TASK: Retype every line of the data below, starting with the first and ending with the line that contains "#1694 = CARTESIAN_POINT", but leave out the pictures.

PROVIDED DATA:
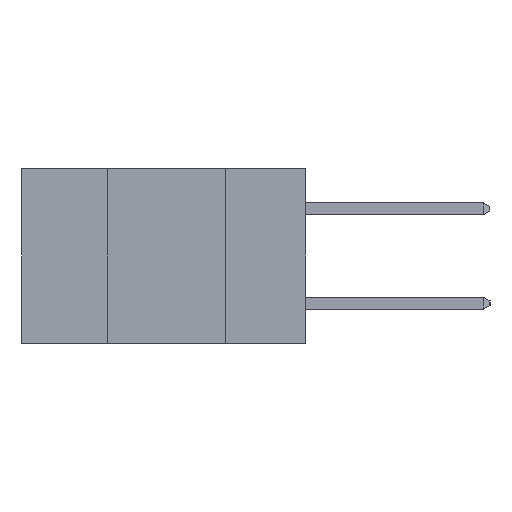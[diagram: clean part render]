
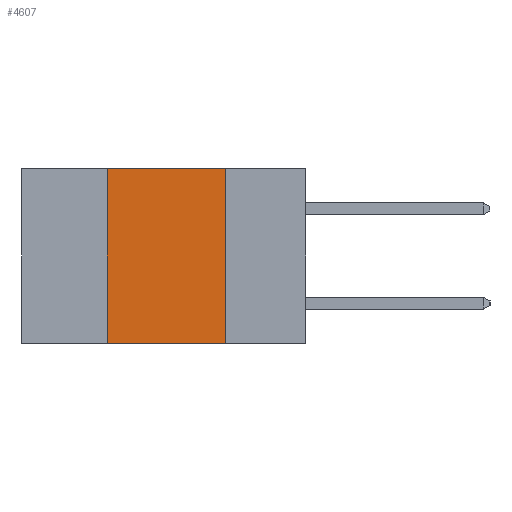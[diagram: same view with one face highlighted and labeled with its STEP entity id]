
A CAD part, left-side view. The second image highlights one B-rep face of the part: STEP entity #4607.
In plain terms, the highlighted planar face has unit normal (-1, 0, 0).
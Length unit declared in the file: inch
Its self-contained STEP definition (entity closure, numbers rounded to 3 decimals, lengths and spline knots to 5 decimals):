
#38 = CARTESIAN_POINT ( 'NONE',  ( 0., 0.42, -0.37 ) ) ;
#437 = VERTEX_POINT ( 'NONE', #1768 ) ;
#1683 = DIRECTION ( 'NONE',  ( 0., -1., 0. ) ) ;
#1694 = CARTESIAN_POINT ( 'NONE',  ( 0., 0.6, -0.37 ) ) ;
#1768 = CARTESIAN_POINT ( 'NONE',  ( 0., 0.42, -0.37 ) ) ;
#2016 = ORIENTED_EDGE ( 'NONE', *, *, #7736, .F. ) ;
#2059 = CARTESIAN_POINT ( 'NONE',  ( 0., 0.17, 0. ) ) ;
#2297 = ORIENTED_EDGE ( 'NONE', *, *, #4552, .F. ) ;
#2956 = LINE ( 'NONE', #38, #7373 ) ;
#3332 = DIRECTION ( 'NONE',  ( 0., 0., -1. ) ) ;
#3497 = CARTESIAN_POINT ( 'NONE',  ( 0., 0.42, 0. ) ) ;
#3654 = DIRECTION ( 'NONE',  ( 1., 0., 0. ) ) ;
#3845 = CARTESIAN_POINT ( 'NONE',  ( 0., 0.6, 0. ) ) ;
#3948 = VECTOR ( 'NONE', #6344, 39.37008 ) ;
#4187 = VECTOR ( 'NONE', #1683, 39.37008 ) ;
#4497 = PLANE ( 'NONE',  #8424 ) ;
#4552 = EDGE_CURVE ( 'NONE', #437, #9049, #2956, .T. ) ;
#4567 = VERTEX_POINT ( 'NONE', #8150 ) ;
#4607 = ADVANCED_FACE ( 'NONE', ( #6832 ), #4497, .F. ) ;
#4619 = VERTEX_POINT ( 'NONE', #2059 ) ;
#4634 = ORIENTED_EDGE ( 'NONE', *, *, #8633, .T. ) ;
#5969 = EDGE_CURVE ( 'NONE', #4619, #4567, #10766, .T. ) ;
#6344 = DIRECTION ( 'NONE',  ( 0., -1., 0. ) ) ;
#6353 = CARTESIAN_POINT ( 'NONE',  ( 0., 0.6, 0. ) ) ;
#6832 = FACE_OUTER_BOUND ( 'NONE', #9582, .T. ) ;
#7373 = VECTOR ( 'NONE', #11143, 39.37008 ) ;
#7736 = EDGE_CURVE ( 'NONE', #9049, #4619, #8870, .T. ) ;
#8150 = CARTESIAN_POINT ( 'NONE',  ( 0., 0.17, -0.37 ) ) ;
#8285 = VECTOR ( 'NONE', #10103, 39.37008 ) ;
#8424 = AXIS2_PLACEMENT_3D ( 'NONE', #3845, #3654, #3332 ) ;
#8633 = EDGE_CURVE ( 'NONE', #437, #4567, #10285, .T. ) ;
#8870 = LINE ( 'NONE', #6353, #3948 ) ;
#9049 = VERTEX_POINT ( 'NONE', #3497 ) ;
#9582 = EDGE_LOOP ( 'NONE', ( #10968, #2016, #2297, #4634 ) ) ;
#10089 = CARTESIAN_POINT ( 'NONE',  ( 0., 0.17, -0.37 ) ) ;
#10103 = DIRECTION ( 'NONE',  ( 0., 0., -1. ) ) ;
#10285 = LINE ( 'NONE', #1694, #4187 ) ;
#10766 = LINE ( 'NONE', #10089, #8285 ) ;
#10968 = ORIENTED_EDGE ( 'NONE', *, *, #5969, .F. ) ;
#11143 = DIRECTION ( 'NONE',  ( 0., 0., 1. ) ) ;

TASK RESPONSE:
[diagram: clean part render]
[diagram: same view with one face highlighted and labeled with its STEP entity id]
A CAD part, left-side view. The second image highlights one B-rep face of the part: STEP entity #4607.
In plain terms, the highlighted planar face has unit normal (-1, 0, 0).
Length unit declared in the file: inch
Its self-contained STEP definition (entity closure, numbers rounded to 3 decimals, lengths and spline knots to 5 decimals):
#38 = CARTESIAN_POINT ( 'NONE',  ( 0., 0.42, -0.37 ) ) ;
#437 = VERTEX_POINT ( 'NONE', #1768 ) ;
#1683 = DIRECTION ( 'NONE',  ( 0., -1., 0. ) ) ;
#1694 = CARTESIAN_POINT ( 'NONE',  ( 0., 0.6, -0.37 ) ) ;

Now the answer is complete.